# move



## Patch66 (Nov 25, 2012)

looking at move to Manila, after tax approx PHP 170K left monthly, I figure 50-60K for relatively nice apartment, rest on private/intl school, driver and every day expenses. Im thinking despite significant drop from what I am used to, its all relative to location and this does looks like a good deal on paper, though big change in lifestyle given cautionary words about expat life in Manila.....

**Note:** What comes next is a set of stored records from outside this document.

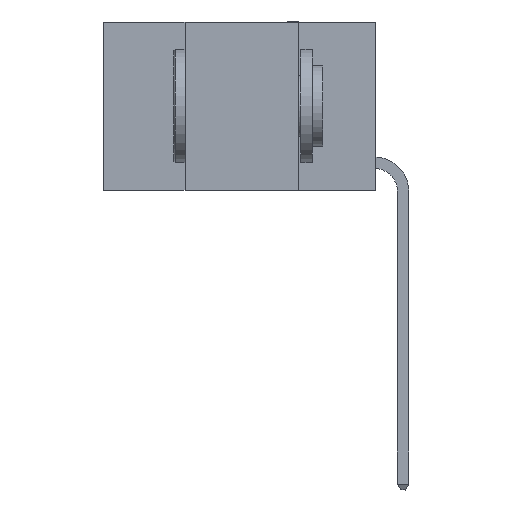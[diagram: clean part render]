
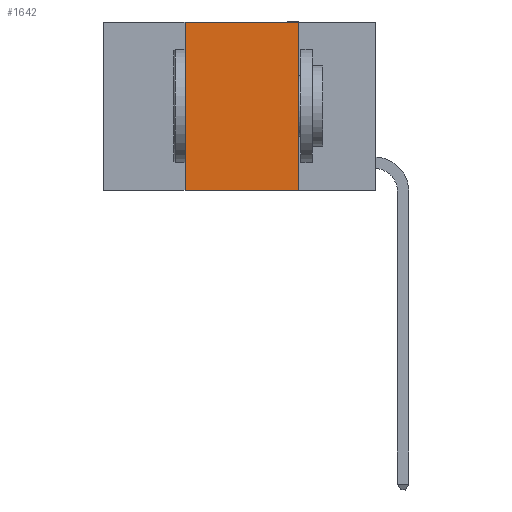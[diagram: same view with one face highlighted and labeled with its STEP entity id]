
A CAD part, left-side view. The second image highlights one B-rep face of the part: STEP entity #1642.
In plain terms, the highlighted planar face has unit normal (-1, 0, 0).
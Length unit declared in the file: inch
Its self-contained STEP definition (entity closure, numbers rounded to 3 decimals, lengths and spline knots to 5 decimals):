
#314 = ORIENTED_EDGE ( 'NONE', *, *, #977, .T. ) ;
#501 = DIRECTION ( 'NONE',  ( 0., 0., -1. ) ) ;
#506 = VECTOR ( 'NONE', #7840, 39.37008 ) ;
#972 = DIRECTION ( 'NONE',  ( 0., -1., 0. ) ) ;
#977 = EDGE_CURVE ( 'NONE', #11905, #12820, #8241, .T. ) ;
#1616 = LINE ( 'NONE', #7766, #506 ) ;
#1631 = EDGE_LOOP ( 'NONE', ( #2391, #20046, #17634, #314 ) ) ;
#1642 = ADVANCED_FACE ( 'NONE', ( #8483 ), #15944, .F. ) ;
#2391 = ORIENTED_EDGE ( 'NONE', *, *, #7269, .F. ) ;
#3232 = AXIS2_PLACEMENT_3D ( 'NONE', #22007, #17056, #501 ) ;
#3300 = CARTESIAN_POINT ( 'NONE',  ( 0., 0.17, 0. ) ) ;
#3589 = VECTOR ( 'NONE', #21230, 39.37008 ) ;
#4510 = EDGE_CURVE ( 'NONE', #11905, #19027, #1616, .T. ) ;
#5602 = VECTOR ( 'NONE', #22489, 39.37008 ) ;
#6138 = LINE ( 'NONE', #21848, #19475 ) ;
#7269 = EDGE_CURVE ( 'NONE', #21108, #12820, #10219, .T. ) ;
#7276 = CARTESIAN_POINT ( 'NONE',  ( 0., 0.42, 0. ) ) ;
#7766 = CARTESIAN_POINT ( 'NONE',  ( 0., 0.42, 0. ) ) ;
#7840 = DIRECTION ( 'NONE',  ( 0., 0., 1. ) ) ;
#8241 = LINE ( 'NONE', #19487, #3589 ) ;
#8483 = FACE_OUTER_BOUND ( 'NONE', #1631, .T. ) ;
#10219 = LINE ( 'NONE', #3300, #5602 ) ;
#10607 = CARTESIAN_POINT ( 'NONE',  ( 0., 0.17, -0.37 ) ) ;
#11905 = VERTEX_POINT ( 'NONE', #16351 ) ;
#12820 = VERTEX_POINT ( 'NONE', #10607 ) ;
#13326 = CARTESIAN_POINT ( 'NONE',  ( 0., 0.17, 0. ) ) ;
#15944 = PLANE ( 'NONE',  #3232 ) ;
#16351 = CARTESIAN_POINT ( 'NONE',  ( 0., 0.42, -0.37 ) ) ;
#17056 = DIRECTION ( 'NONE',  ( 1., 0., 0. ) ) ;
#17634 = ORIENTED_EDGE ( 'NONE', *, *, #4510, .F. ) ;
#19027 = VERTEX_POINT ( 'NONE', #7276 ) ;
#19475 = VECTOR ( 'NONE', #972, 39.37008 ) ;
#19487 = CARTESIAN_POINT ( 'NONE',  ( 0., 0.6, -0.37 ) ) ;
#20046 = ORIENTED_EDGE ( 'NONE', *, *, #20337, .F. ) ;
#20337 = EDGE_CURVE ( 'NONE', #19027, #21108, #6138, .T. ) ;
#21108 = VERTEX_POINT ( 'NONE', #13326 ) ;
#21230 = DIRECTION ( 'NONE',  ( 0., -1., 0. ) ) ;
#21848 = CARTESIAN_POINT ( 'NONE',  ( 0., 0.6, 0. ) ) ;
#22007 = CARTESIAN_POINT ( 'NONE',  ( 0., 0.6, 0. ) ) ;
#22489 = DIRECTION ( 'NONE',  ( 0., 0., -1. ) ) ;
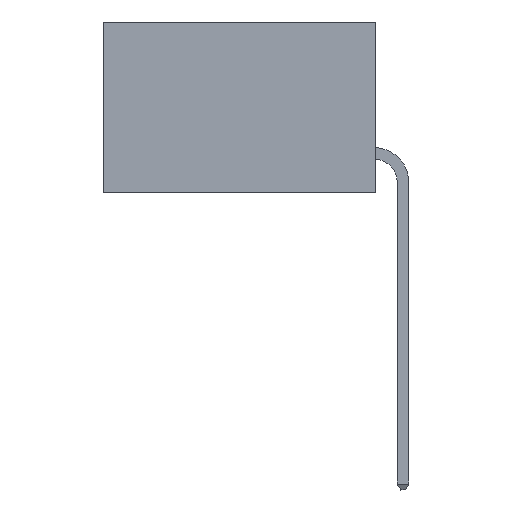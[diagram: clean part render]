
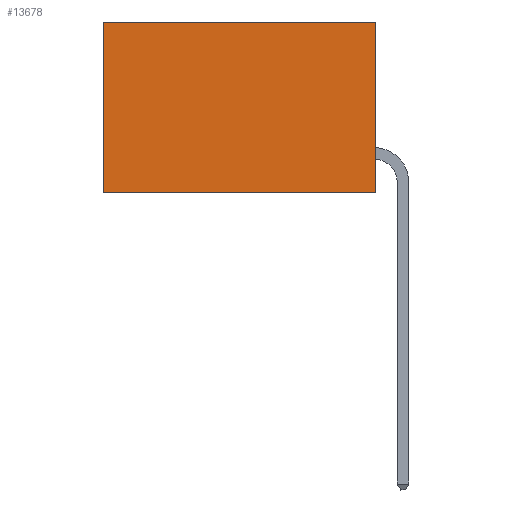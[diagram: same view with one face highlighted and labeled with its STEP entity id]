
A CAD part, left-side view. The second image highlights one B-rep face of the part: STEP entity #13678.
In plain terms, the highlighted planar face has unit normal (-1, 0, 0).
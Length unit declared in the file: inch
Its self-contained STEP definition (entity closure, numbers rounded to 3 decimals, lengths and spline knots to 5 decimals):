
#648 = VECTOR ( 'NONE', #14178, 39.37008 ) ;
#1212 = ORIENTED_EDGE ( 'NONE', *, *, #14660, .T. ) ;
#2767 = LINE ( 'NONE', #23337, #22135 ) ;
#3109 = VERTEX_POINT ( 'NONE', #13711 ) ;
#3126 = DIRECTION ( 'NONE',  ( 0., 1., 0. ) ) ;
#3343 = FACE_OUTER_BOUND ( 'NONE', #5166, .T. ) ;
#3553 = ORIENTED_EDGE ( 'NONE', *, *, #12385, .T. ) ;
#3685 = PLANE ( 'NONE',  #30572 ) ;
#5166 = EDGE_LOOP ( 'NONE', ( #3553, #27207, #31054, #1212 ) ) ;
#5560 = DIRECTION ( 'NONE',  ( 0., 1., 0. ) ) ;
#6241 = DIRECTION ( 'NONE',  ( 0., 0., -1. ) ) ;
#7274 = EDGE_CURVE ( 'NONE', #18264, #19767, #30471, .T. ) ;
#8302 = VERTEX_POINT ( 'NONE', #30386 ) ;
#11746 = VECTOR ( 'NONE', #5560, 39.37008 ) ;
#12385 = EDGE_CURVE ( 'NONE', #3109, #8302, #15681, .T. ) ;
#13678 = ADVANCED_FACE ( 'NONE', ( #3343 ), #3685, .F. ) ;
#13711 = CARTESIAN_POINT ( 'NONE',  ( 0.277, 0.59, 0. ) ) ;
#14178 = DIRECTION ( 'NONE',  ( 0., 0., -1. ) ) ;
#14660 = EDGE_CURVE ( 'NONE', #18264, #3109, #18458, .T. ) ;
#15681 = LINE ( 'NONE', #24192, #648 ) ;
#18264 = VERTEX_POINT ( 'NONE', #27242 ) ;
#18431 = DIRECTION ( 'NONE',  ( 0., 0., -1. ) ) ;
#18458 = LINE ( 'NONE', #28134, #11746 ) ;
#19767 = VERTEX_POINT ( 'NONE', #25529 ) ;
#20485 = EDGE_CURVE ( 'NONE', #19767, #8302, #2767, .T. ) ;
#21373 = DIRECTION ( 'NONE',  ( 1., 0., 0. ) ) ;
#22135 = VECTOR ( 'NONE', #3126, 39.37008 ) ;
#23337 = CARTESIAN_POINT ( 'NONE',  ( 0.277, 0., -0.37 ) ) ;
#23857 = VECTOR ( 'NONE', #18431, 39.37008 ) ;
#24192 = CARTESIAN_POINT ( 'NONE',  ( 0.277, 0.59, -0.37 ) ) ;
#25529 = CARTESIAN_POINT ( 'NONE',  ( 0.277, 0., -0.37 ) ) ;
#26315 = CARTESIAN_POINT ( 'NONE',  ( 0.277, 0., -0.37 ) ) ;
#27207 = ORIENTED_EDGE ( 'NONE', *, *, #20485, .F. ) ;
#27242 = CARTESIAN_POINT ( 'NONE',  ( 0.277, 0., 0. ) ) ;
#28134 = CARTESIAN_POINT ( 'NONE',  ( 0.277, 0., 0. ) ) ;
#28396 = CARTESIAN_POINT ( 'NONE',  ( 0.277, 0., -0.37 ) ) ;
#30386 = CARTESIAN_POINT ( 'NONE',  ( 0.277, 0.59, -0.37 ) ) ;
#30471 = LINE ( 'NONE', #28396, #23857 ) ;
#30572 = AXIS2_PLACEMENT_3D ( 'NONE', #26315, #21373, #6241 ) ;
#31054 = ORIENTED_EDGE ( 'NONE', *, *, #7274, .F. ) ;
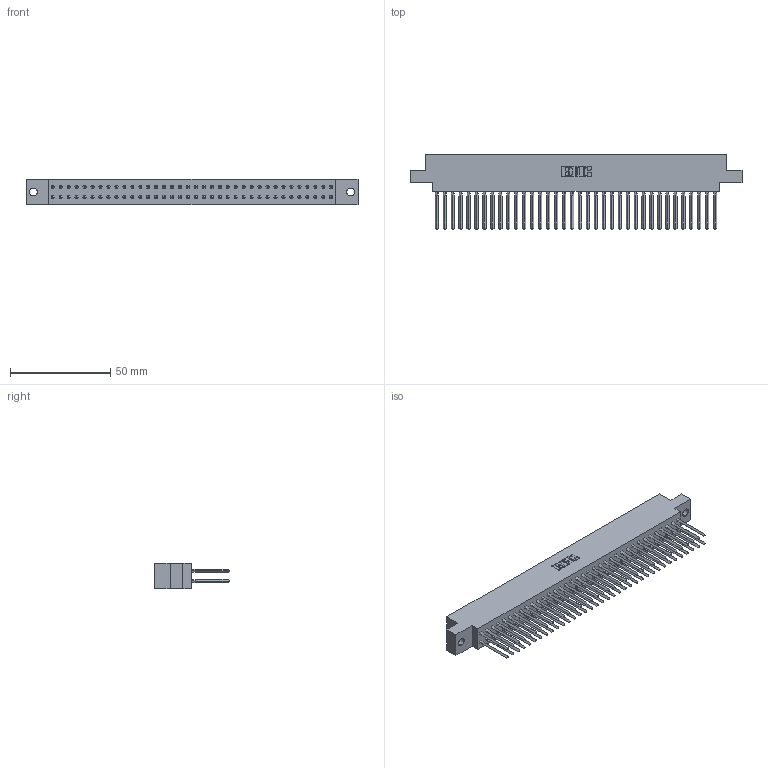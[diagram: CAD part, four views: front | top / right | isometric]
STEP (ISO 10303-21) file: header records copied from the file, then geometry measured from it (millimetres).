
FILE_DESCRIPTION (( 'STEP AP203' ), '1' );
FILE_NAME ('317-072-540-804.STEP', '2020-02-28T07:24:43', ( '' ), ( '' ), 'SwSTEP 2.0', 'SolidWorks 2016', '' );
FILE_SCHEMA (( 'CONFIG_CONTROL_DESIGN' ));
Length unit declared in the file: inch
Products named in the file (3): 317 Part_.156 Dia - TH; 317-072-540-804; 317-290-001_540
Assembly tree (73 placements, depth 2):
  317-072-540-804
    317 Part_.156 Dia - TH
    317-290-001_540  x72
Bounding box: 165.35 x 37.34 x 12.7 mm (x, y, z)
Volume: 27460.8 mm3; surface area: 40540.1 mm2
Topology: 73 solids, 73 shells, 6510 faces, 18059 edges, 11630 vertices
Faces by surface type: plane 5314, cylinder 908, bspline 288
Entity records: 52878 total; most frequent: CARTESIAN_POINT 9639, ORIENTED_EDGE 9138, DIRECTION 7623, EDGE_CURVE 4569, LINE 4313, VECTOR 4313, VERTEX_POINT 3039, AXIS2_PLACEMENT_3D 1655
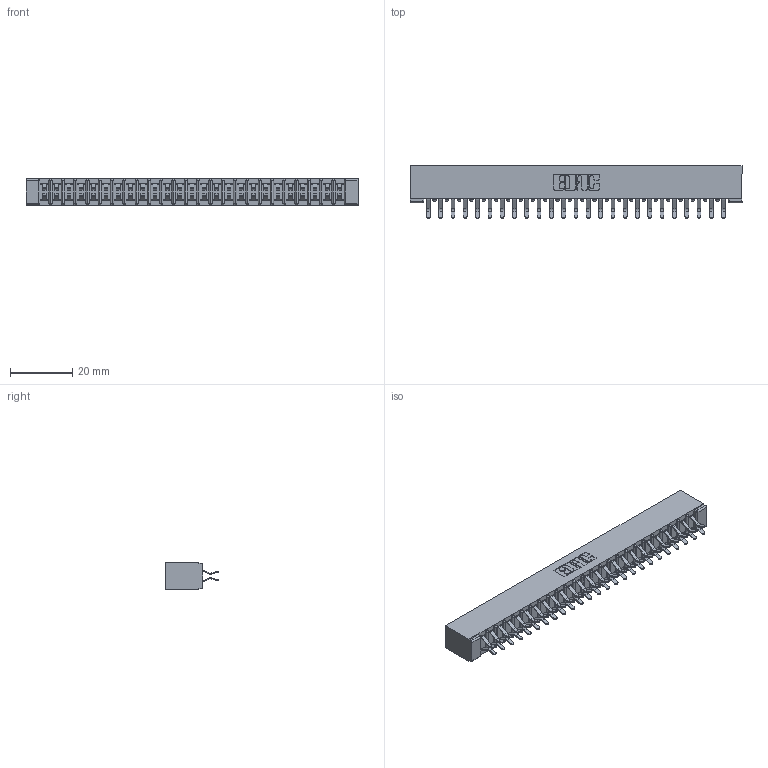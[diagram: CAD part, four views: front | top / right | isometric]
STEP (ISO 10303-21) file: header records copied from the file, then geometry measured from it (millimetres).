
FILE_DESCRIPTION (( 'STEP AP203' ), '1' );
FILE_NAME ('357-050-456-201.STEP', '2020-10-04T05:55:35', ( '' ), ( '' ), 'SwSTEP 2.0', 'SolidWorks 2020', '' );
FILE_SCHEMA (( 'CONFIG_CONTROL_DESIGN' ));
Length unit declared in the file: inch
Products named in the file (3): 307-290-001_556; 357-050-456-201; 307 Part_No Mounting Lugs
Assembly tree (51 placements, depth 2):
  357-050-456-201
    307 Part_No Mounting Lugs
    307-290-001_556  x50
Bounding box: 106.93 x 16.97 x 8.71 mm (x, y, z)
Volume: 7218.3 mm3; surface area: 13326.5 mm2
Topology: 51 solids, 51 shells, 2636 faces, 7399 edges, 4794 vertices
Faces by surface type: plane 1716, cylinder 868, sphere 52
Entity records: 24154 total; most frequent: CARTESIAN_POINT 3953, ORIENTED_EDGE 3914, DIRECTION 3879, EDGE_CURVE 1957, LINE 1495, VECTOR 1495, VERTEX_POINT 1266, AXIS2_PLACEMENT_3D 1192
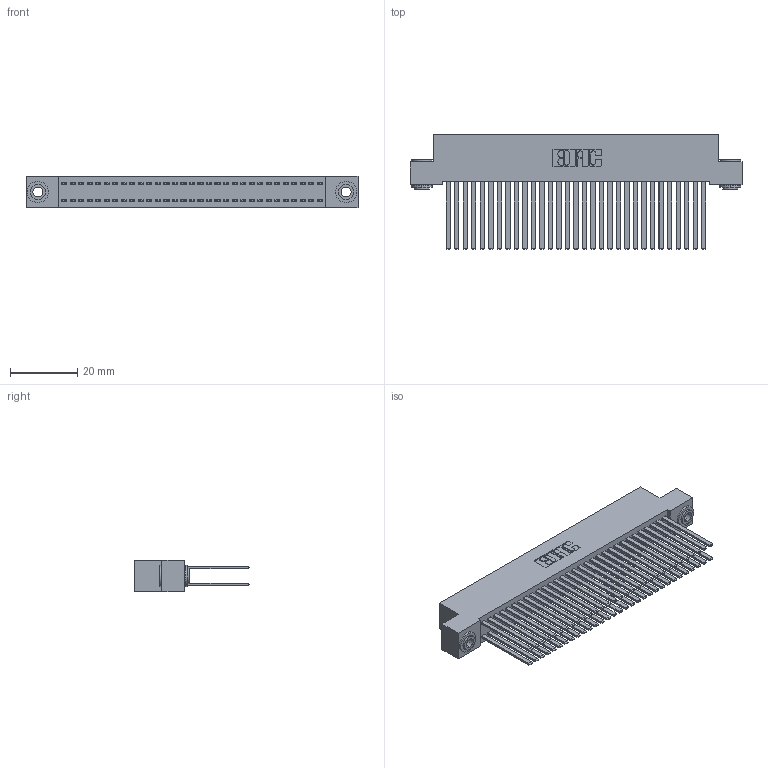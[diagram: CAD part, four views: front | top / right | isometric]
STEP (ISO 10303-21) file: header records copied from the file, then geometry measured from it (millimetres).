
FILE_DESCRIPTION (( 'STEP AP203' ), '1' );
FILE_NAME ('392-062-544-203.STEP', '2019-10-08T18:01:23', ( '' ), ( '' ), 'SwSTEP 2.0', 'SolidWorks 2016', '' );
FILE_SCHEMA (( 'CONFIG_CONTROL_DESIGN' ));
Length unit declared in the file: inch
Products named in the file (4): 392-062-544-203; 342 Part_.156 TH; 345-292-001_345-293-144; 342-250-002_345-250-002-102
Assembly tree (65 placements, depth 2):
  392-062-544-203
    342 Part_.156 TH
    345-292-001_345-293-144  x62
    342-250-002_345-250-002-102  x2
Bounding box: 99.06 x 34.3 x 9.4 mm (x, y, z)
Volume: 9740.4 mm3; surface area: 18204.9 mm2
Topology: 65 solids, 65 shells, 3000 faces, 8869 edges, 5826 vertices
Faces by surface type: plane 2060, cylinder 932, cone 8
Entity records: 21700 total; most frequent: CARTESIAN_POINT 3581, ORIENTED_EDGE 3510, DIRECTION 3109, EDGE_CURVE 1755, LINE 1607, VECTOR 1607, VERTEX_POINT 1166, AXIS2_PLACEMENT_3D 751
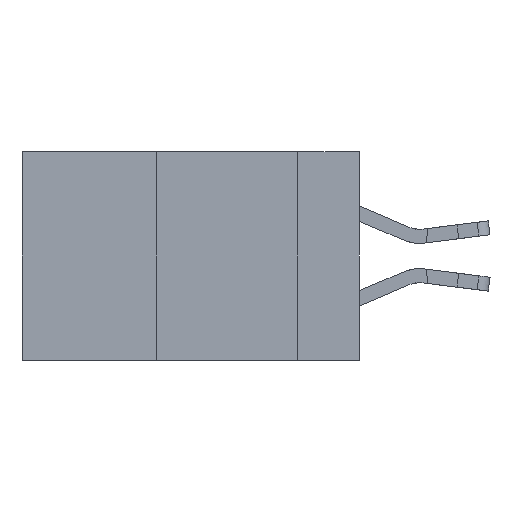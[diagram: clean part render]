
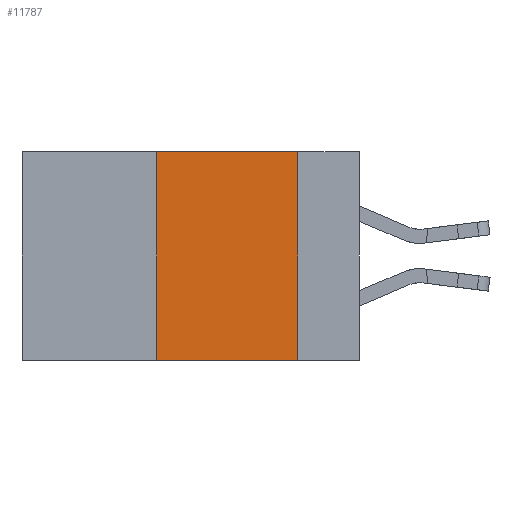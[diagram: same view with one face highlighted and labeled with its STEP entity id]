
A CAD part, left-side view. The second image highlights one B-rep face of the part: STEP entity #11787.
In plain terms, the highlighted planar face has unit normal (-1, 0, 0).
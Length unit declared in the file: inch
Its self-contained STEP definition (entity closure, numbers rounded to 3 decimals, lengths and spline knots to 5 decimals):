
#388 = DIRECTION ( 'NONE',  ( 1., 0., 0. ) ) ;
#1683 = VECTOR ( 'NONE', #12912, 39.37008 ) ;
#1922 = CARTESIAN_POINT ( 'NONE',  ( 0., 0.11, 0. ) ) ;
#2613 = DIRECTION ( 'NONE',  ( 0., -1., 0. ) ) ;
#3621 = VERTEX_POINT ( 'NONE', #12004 ) ;
#3924 = CARTESIAN_POINT ( 'NONE',  ( 0., 0.36, 0. ) ) ;
#4191 = ORIENTED_EDGE ( 'NONE', *, *, #5155, .F. ) ;
#4442 = CARTESIAN_POINT ( 'NONE',  ( 0., 0.6, -0.37 ) ) ;
#5003 = VECTOR ( 'NONE', #2613, 39.37008 ) ;
#5023 = LINE ( 'NONE', #5865, #1683 ) ;
#5155 = EDGE_CURVE ( 'NONE', #3621, #17047, #14217, .T. ) ;
#5300 = VERTEX_POINT ( 'NONE', #3924 ) ;
#5364 = AXIS2_PLACEMENT_3D ( 'NONE', #11705, #388, #10349 ) ;
#5865 = CARTESIAN_POINT ( 'NONE',  ( 0., 0.36, 0. ) ) ;
#6713 = CARTESIAN_POINT ( 'NONE',  ( 0., 0.36, -0.37 ) ) ;
#7335 = DIRECTION ( 'NONE',  ( 0., -1., 0. ) ) ;
#8005 = ORIENTED_EDGE ( 'NONE', *, *, #9920, .T. ) ;
#8030 = EDGE_CURVE ( 'NONE', #10856, #5300, #5023, .T. ) ;
#8491 = EDGE_CURVE ( 'NONE', #5300, #3621, #15858, .T. ) ;
#8726 = FACE_OUTER_BOUND ( 'NONE', #15336, .T. ) ;
#8739 = CARTESIAN_POINT ( 'NONE',  ( 0., 0.11, -0.37 ) ) ;
#8886 = ORIENTED_EDGE ( 'NONE', *, *, #8030, .F. ) ;
#9878 = VECTOR ( 'NONE', #7335, 39.37008 ) ;
#9920 = EDGE_CURVE ( 'NONE', #10856, #17047, #17373, .T. ) ;
#10349 = DIRECTION ( 'NONE',  ( 0., 0., -1. ) ) ;
#10856 = VERTEX_POINT ( 'NONE', #6713 ) ;
#11132 = CARTESIAN_POINT ( 'NONE',  ( 0., 0.6, 0. ) ) ;
#11705 = CARTESIAN_POINT ( 'NONE',  ( 0., 0.6, 0. ) ) ;
#11747 = ORIENTED_EDGE ( 'NONE', *, *, #8491, .F. ) ;
#11787 = ADVANCED_FACE ( 'NONE', ( #8726 ), #17371, .F. ) ;
#12004 = CARTESIAN_POINT ( 'NONE',  ( 0., 0.11, 0. ) ) ;
#12912 = DIRECTION ( 'NONE',  ( 0., 0., 1. ) ) ;
#13314 = DIRECTION ( 'NONE',  ( 0., 0., -1. ) ) ;
#14217 = LINE ( 'NONE', #1922, #17515 ) ;
#15336 = EDGE_LOOP ( 'NONE', ( #4191, #11747, #8886, #8005 ) ) ;
#15858 = LINE ( 'NONE', #11132, #5003 ) ;
#17047 = VERTEX_POINT ( 'NONE', #8739 ) ;
#17371 = PLANE ( 'NONE',  #5364 ) ;
#17373 = LINE ( 'NONE', #4442, #9878 ) ;
#17515 = VECTOR ( 'NONE', #13314, 39.37008 ) ;

any link to regular monthly expenses for family of 3 appreciated.... thanks


----------



## Nickleback99 (Aug 6, 2011)

There was a good post/thread started back in about May by CebuCitizen on here that addresses the different levels of living and cost associated to each, when in turn is affected by Where you live. Since you are looking at Manila, that is well addressed in the thread as I recall.


----------



## Nickleback99 (Aug 6, 2011)

http://www.expatforum.com/expats/philippines-expat-forum/442226-cost-living.html


started 24MAY


----------



## HondaGuy (Aug 6, 2012)

I worked in Manila for almost 4 years. I would say the most important consideration is where are you going to be working?If you're working in Makati, there are lots of nice places there but a lot of expats working in Makati are living in Fort Bonifacio. Its a few minutes further on the drive but more open and a bit cleaner air.

If you will be working in Ortigas, you will probably want to live in Ortigas or not far from it. Eastwood City is very nice and now that there is a grocery store there, you would really only have to leave for work.


----------